Reinhart stared. The ship was a decrepit thing salvaged from the rigs of a tugboat, a trawler, and an old-war schooner. It was the color and shape of a dead fish. There were two sub-light engines rotting aft, a shaky mining apparatus and drill bits starboard, and a fuselage-mounted weapons pod that looked more like a sewage pipe.

Reinhart drew a hand across his face. “Holy hell.”

Janos laughed. The port-side door hissed open. “What are you waiting for? Climb in!”

As Reinhart feared, the interior was just as appalling, if not worse, than the exterior. There were food wrappers in the flight cabin. Something had charred the escape unit. The control panel was begrimed and several knobs were taped over with a note that said: DON’T.

"Listen," Reinhart breathed, "I don’t expect a luxury cruise liner but when’s the last time you got a safety e-val? Looks like you tried to roast a pig in the escape hatch, or what, I can’t even…"

"Fear not! The Turtledove is a sturdy old girl. Besides, she has a few tricks up her sleeve, you’ll see."

Reinhart said nothing. Tricks. The last thing he needed. He buckled into the co-pilot seat and looked out the canopy while Janos initiated the Turtledove’s take-off sequence. 

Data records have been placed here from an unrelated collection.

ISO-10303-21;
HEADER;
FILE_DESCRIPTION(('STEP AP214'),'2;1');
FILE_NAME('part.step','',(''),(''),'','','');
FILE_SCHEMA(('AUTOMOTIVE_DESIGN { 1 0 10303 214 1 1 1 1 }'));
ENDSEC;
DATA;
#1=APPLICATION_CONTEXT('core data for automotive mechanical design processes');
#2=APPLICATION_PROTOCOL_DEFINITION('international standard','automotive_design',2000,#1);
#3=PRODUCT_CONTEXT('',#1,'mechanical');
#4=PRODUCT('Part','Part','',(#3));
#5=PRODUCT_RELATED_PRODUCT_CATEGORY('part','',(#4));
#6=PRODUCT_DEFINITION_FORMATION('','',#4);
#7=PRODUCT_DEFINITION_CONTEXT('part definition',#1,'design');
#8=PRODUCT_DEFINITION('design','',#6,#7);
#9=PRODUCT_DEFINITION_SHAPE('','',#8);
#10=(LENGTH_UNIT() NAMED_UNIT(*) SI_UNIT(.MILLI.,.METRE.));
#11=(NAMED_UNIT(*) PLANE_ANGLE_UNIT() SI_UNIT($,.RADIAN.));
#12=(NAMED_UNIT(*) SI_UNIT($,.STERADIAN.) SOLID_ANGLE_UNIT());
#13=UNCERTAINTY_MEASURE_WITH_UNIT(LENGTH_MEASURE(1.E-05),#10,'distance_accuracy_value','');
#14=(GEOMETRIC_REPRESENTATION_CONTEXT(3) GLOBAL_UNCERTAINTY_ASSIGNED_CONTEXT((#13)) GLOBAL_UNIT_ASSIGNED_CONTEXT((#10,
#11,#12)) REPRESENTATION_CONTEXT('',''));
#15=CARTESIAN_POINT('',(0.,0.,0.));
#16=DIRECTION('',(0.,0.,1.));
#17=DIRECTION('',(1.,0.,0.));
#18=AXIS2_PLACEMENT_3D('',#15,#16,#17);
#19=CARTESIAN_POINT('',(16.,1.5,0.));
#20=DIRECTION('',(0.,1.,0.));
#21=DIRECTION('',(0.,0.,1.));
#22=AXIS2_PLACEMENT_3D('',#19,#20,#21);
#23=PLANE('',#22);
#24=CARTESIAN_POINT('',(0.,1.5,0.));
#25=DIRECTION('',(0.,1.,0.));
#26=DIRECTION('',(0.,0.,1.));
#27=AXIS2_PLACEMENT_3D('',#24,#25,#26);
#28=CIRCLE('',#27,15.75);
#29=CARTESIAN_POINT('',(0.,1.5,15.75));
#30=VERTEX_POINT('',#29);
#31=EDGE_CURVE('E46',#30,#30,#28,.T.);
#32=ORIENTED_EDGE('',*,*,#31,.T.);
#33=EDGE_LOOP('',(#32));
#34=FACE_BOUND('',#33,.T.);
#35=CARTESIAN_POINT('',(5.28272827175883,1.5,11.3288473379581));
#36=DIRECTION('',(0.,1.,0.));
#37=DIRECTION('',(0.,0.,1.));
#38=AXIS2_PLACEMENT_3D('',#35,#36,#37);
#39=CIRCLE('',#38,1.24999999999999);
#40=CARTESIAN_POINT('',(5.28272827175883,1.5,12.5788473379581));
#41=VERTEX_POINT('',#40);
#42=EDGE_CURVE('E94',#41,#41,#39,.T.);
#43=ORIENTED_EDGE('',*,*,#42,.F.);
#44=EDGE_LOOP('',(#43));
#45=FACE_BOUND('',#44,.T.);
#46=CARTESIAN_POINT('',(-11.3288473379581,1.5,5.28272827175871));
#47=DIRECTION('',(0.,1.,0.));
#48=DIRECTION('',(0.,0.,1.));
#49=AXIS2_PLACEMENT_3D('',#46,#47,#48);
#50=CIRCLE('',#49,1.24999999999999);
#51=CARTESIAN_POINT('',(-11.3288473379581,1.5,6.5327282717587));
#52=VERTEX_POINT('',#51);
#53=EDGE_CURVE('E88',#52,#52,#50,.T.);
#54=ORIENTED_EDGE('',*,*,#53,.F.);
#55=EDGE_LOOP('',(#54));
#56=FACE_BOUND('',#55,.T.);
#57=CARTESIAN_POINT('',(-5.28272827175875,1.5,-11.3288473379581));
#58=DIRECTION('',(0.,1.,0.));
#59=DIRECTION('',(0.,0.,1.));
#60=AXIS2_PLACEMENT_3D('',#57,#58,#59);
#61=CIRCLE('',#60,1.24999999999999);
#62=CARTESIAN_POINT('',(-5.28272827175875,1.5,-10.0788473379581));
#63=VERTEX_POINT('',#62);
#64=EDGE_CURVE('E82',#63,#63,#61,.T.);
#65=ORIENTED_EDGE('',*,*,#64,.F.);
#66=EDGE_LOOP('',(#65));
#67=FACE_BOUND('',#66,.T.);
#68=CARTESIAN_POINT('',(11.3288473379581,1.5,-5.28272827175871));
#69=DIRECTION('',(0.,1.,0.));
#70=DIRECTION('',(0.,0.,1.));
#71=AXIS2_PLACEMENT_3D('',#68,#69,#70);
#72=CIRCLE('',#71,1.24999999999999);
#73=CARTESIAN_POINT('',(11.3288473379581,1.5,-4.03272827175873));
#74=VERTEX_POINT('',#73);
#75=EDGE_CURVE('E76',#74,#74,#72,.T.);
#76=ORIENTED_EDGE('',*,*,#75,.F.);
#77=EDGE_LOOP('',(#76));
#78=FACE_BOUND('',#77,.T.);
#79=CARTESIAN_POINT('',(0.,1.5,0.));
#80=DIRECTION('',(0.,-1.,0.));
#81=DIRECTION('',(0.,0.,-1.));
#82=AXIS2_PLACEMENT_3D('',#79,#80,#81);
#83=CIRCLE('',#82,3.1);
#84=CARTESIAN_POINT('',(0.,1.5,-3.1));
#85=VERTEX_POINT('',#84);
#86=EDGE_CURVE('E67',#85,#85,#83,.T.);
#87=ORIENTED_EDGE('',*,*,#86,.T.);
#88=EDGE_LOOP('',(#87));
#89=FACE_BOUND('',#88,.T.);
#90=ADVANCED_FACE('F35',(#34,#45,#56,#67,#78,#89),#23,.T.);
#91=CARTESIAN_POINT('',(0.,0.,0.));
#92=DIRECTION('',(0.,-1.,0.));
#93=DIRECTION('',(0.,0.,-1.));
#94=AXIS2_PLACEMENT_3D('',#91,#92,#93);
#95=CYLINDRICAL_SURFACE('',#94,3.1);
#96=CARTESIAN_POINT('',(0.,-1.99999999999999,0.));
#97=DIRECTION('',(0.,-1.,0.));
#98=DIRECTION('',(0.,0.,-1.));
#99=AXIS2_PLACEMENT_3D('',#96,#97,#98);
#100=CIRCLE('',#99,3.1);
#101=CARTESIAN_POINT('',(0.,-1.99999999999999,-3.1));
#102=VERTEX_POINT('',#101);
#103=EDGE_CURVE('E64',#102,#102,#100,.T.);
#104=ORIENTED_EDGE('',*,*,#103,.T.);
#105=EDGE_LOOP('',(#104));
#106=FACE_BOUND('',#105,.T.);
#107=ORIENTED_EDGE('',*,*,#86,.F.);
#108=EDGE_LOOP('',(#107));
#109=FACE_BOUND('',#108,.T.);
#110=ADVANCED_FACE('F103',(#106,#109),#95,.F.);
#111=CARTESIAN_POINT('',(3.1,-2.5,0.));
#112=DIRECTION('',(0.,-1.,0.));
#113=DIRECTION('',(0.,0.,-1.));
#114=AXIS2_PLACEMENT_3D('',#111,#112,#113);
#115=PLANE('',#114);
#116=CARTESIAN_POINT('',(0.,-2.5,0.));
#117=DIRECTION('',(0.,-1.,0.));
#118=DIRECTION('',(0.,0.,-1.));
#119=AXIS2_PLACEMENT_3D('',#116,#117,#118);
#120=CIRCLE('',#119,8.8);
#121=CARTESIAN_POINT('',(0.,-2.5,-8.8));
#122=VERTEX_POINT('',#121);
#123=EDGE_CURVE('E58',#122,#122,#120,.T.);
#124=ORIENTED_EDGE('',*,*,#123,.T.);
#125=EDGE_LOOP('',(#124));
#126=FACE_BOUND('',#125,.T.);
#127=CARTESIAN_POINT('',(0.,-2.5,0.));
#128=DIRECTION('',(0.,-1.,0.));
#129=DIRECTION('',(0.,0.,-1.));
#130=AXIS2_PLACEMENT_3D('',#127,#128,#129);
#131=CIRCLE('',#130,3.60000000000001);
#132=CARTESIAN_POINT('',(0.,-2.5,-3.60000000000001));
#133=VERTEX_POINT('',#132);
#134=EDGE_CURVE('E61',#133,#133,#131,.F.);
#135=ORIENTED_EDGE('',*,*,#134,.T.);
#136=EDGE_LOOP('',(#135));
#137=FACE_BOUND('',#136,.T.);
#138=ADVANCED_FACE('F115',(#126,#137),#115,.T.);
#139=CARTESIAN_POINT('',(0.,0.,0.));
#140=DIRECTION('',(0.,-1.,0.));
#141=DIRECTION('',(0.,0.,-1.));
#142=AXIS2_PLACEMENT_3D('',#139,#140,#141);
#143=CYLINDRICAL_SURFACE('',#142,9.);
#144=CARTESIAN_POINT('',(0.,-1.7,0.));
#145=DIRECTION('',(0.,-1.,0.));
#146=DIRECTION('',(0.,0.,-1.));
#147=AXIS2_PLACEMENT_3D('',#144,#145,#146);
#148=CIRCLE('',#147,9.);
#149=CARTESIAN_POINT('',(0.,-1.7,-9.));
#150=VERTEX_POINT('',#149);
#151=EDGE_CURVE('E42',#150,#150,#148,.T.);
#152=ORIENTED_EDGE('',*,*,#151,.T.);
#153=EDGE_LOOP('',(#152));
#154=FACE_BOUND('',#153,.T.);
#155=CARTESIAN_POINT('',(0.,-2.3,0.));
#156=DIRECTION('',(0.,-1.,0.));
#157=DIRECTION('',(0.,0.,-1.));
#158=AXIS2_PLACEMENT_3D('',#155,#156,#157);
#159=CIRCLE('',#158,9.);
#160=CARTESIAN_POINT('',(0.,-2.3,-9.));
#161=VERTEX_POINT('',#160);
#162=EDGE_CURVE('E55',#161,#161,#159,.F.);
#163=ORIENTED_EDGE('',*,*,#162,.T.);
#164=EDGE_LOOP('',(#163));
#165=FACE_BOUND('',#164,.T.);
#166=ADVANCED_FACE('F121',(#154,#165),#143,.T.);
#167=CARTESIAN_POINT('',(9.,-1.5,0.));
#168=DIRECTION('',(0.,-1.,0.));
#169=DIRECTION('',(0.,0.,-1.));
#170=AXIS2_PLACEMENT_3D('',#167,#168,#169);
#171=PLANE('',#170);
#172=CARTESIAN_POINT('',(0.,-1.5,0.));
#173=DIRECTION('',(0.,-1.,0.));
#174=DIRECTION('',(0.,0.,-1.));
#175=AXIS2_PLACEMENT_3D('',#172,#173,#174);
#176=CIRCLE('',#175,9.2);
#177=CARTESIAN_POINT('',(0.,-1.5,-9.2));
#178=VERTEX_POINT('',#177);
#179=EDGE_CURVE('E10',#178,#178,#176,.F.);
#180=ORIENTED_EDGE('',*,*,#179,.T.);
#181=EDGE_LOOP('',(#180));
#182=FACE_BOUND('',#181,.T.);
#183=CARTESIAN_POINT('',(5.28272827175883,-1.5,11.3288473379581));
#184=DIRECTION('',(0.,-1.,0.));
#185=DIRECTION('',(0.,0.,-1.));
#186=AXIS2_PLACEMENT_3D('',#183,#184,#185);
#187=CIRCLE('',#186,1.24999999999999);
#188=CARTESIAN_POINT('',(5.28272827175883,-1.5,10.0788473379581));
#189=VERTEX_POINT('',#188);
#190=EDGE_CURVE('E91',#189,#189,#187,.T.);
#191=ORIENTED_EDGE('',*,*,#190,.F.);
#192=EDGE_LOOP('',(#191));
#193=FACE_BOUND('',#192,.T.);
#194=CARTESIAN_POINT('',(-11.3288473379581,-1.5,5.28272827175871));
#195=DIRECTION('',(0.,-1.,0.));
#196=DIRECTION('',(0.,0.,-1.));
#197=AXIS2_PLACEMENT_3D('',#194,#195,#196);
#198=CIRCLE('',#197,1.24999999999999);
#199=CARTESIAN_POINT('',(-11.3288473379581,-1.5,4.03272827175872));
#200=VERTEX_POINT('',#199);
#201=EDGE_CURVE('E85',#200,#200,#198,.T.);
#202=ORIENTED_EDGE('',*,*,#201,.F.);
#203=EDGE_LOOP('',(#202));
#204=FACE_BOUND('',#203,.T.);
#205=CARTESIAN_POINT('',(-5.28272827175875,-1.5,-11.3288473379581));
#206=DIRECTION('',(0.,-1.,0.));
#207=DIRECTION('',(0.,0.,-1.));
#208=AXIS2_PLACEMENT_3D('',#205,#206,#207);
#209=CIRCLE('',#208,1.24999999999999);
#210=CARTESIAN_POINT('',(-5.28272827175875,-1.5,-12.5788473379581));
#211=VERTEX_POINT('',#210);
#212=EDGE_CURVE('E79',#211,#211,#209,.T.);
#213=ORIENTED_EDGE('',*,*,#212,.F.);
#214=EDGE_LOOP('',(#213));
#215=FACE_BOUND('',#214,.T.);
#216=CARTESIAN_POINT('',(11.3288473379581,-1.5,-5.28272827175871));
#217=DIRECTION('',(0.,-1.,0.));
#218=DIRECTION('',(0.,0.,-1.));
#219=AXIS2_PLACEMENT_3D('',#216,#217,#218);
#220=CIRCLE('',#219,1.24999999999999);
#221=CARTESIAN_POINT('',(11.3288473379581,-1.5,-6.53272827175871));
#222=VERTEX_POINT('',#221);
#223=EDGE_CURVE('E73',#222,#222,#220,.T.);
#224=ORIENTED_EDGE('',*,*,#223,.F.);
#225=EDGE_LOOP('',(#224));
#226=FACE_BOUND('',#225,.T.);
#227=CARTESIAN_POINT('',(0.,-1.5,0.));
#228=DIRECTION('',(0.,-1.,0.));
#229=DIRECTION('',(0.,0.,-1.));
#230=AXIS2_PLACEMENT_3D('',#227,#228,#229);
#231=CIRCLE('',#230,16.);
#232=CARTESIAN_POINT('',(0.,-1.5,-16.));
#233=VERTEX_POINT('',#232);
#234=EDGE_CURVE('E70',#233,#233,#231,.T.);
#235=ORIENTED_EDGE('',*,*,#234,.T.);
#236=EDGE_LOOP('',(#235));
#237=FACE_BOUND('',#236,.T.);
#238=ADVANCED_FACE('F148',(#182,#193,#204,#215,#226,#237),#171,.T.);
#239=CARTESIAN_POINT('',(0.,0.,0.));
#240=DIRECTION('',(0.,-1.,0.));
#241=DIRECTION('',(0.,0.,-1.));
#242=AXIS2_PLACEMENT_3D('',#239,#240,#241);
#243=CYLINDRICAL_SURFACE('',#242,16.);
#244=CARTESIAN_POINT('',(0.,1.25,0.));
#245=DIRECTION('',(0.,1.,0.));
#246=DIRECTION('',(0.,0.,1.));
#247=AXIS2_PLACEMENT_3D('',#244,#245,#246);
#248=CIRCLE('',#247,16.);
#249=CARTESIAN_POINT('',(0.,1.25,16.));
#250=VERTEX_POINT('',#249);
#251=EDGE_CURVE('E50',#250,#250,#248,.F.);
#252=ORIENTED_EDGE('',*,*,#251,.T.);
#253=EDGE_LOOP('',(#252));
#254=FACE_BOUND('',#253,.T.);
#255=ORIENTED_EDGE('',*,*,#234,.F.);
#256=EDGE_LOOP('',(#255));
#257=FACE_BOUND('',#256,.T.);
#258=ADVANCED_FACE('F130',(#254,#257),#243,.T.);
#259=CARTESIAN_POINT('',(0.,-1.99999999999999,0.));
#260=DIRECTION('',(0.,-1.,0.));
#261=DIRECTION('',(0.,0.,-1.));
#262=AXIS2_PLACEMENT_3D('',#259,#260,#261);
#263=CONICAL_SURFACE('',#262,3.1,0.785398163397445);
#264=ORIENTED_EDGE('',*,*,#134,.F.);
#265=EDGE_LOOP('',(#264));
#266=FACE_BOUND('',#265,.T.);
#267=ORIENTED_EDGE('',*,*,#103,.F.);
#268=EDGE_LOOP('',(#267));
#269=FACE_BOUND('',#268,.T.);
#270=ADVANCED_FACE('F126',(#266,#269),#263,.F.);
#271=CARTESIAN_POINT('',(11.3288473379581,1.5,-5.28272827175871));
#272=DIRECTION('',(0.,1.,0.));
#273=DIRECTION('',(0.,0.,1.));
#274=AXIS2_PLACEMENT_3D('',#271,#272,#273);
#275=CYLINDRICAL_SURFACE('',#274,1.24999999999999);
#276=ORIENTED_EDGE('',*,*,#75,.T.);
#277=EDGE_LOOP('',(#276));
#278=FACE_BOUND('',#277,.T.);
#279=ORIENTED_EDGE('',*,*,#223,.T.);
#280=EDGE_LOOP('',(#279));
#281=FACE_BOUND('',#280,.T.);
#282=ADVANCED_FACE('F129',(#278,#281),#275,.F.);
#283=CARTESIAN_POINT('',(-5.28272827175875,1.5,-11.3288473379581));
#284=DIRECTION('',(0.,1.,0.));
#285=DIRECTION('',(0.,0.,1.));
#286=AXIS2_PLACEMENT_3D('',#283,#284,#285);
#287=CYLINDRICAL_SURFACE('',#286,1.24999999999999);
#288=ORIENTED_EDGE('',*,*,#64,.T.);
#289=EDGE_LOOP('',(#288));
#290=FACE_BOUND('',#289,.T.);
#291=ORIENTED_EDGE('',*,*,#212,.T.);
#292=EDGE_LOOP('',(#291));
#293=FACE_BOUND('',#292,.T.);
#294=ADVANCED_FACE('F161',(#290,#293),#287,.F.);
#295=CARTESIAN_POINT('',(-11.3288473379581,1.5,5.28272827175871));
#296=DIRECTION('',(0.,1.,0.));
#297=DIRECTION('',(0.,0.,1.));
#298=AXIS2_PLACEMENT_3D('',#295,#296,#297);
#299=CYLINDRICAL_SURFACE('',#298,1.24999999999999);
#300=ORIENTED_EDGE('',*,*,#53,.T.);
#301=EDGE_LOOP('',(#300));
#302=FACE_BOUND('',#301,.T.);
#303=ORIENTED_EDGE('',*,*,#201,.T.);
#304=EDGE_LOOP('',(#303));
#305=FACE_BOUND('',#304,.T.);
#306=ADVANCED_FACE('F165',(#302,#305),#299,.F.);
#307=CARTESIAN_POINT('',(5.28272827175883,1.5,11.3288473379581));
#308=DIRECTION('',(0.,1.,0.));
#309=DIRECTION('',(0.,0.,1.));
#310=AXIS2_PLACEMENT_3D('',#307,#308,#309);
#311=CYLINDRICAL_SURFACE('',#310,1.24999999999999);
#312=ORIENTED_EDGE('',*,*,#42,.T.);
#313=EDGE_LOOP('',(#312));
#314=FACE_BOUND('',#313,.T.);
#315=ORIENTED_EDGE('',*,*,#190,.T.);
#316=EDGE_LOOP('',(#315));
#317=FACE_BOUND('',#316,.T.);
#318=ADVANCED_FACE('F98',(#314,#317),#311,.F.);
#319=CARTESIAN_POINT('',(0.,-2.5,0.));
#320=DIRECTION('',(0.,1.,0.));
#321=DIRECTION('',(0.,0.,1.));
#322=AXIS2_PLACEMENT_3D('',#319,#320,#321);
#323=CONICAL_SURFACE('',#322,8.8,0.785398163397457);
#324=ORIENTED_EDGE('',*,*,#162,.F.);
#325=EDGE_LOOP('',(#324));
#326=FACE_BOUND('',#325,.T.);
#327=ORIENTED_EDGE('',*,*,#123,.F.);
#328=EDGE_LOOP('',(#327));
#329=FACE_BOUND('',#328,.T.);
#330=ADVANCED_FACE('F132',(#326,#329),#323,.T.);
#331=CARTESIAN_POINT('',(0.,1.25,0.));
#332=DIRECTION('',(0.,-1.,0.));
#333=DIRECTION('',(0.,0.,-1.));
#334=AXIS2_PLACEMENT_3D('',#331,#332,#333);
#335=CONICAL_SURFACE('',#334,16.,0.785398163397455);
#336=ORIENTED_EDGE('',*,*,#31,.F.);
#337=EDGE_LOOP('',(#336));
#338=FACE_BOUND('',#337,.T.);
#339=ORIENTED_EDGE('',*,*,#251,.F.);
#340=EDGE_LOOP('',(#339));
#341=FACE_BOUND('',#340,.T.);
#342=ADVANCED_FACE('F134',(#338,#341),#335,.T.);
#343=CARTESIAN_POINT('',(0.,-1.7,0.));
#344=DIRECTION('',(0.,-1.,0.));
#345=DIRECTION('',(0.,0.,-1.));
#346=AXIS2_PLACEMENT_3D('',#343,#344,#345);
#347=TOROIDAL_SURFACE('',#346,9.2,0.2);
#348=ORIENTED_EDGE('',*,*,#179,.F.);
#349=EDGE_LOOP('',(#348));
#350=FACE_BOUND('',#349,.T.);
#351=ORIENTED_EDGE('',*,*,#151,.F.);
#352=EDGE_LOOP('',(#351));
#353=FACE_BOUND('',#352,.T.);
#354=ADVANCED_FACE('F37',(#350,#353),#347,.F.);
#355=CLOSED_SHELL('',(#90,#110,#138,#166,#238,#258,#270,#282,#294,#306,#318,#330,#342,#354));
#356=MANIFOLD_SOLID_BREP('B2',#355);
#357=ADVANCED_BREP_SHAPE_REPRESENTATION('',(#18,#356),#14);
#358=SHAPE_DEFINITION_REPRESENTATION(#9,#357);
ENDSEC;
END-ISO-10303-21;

"I saw your file, you know." The old man said at last. "You were a runner for the Korjev Syndicate, weren’t you? Arrested for smuggling ten years ago."

Reinhart did not reply at once. He scratched his nose and cleared his throat. “… Suppose I was. You gonna do something about it?”

“I was only going to suggest that you take that control stick over there and fly us into the infinite beyond. Or at least,” Janos laughed, “to the next station. Unless you can’t manage?”

So that was it then. Would it be this easy? Reinhart gripped the controls. “Like hell I can’t. If there’s one thing I can do, it’s manage.”

"Splendid! Spoken like a true Korjev vassal.” Janos winked. “Once a faction man, always a faction man, eh?"

"Wouldn’t go that far." Reinhart adjusted the flight tunings and set the coordinates for Naos. The landing portal dilated. A sea of darkness, with so many stars, rose up to meet them. "Just that a bird never forgets how to fly."

***

Written for a project I’m working on with my friend Adam. Different from my usual output, but it was a lot of fun! It may have a continuation… we’ll see!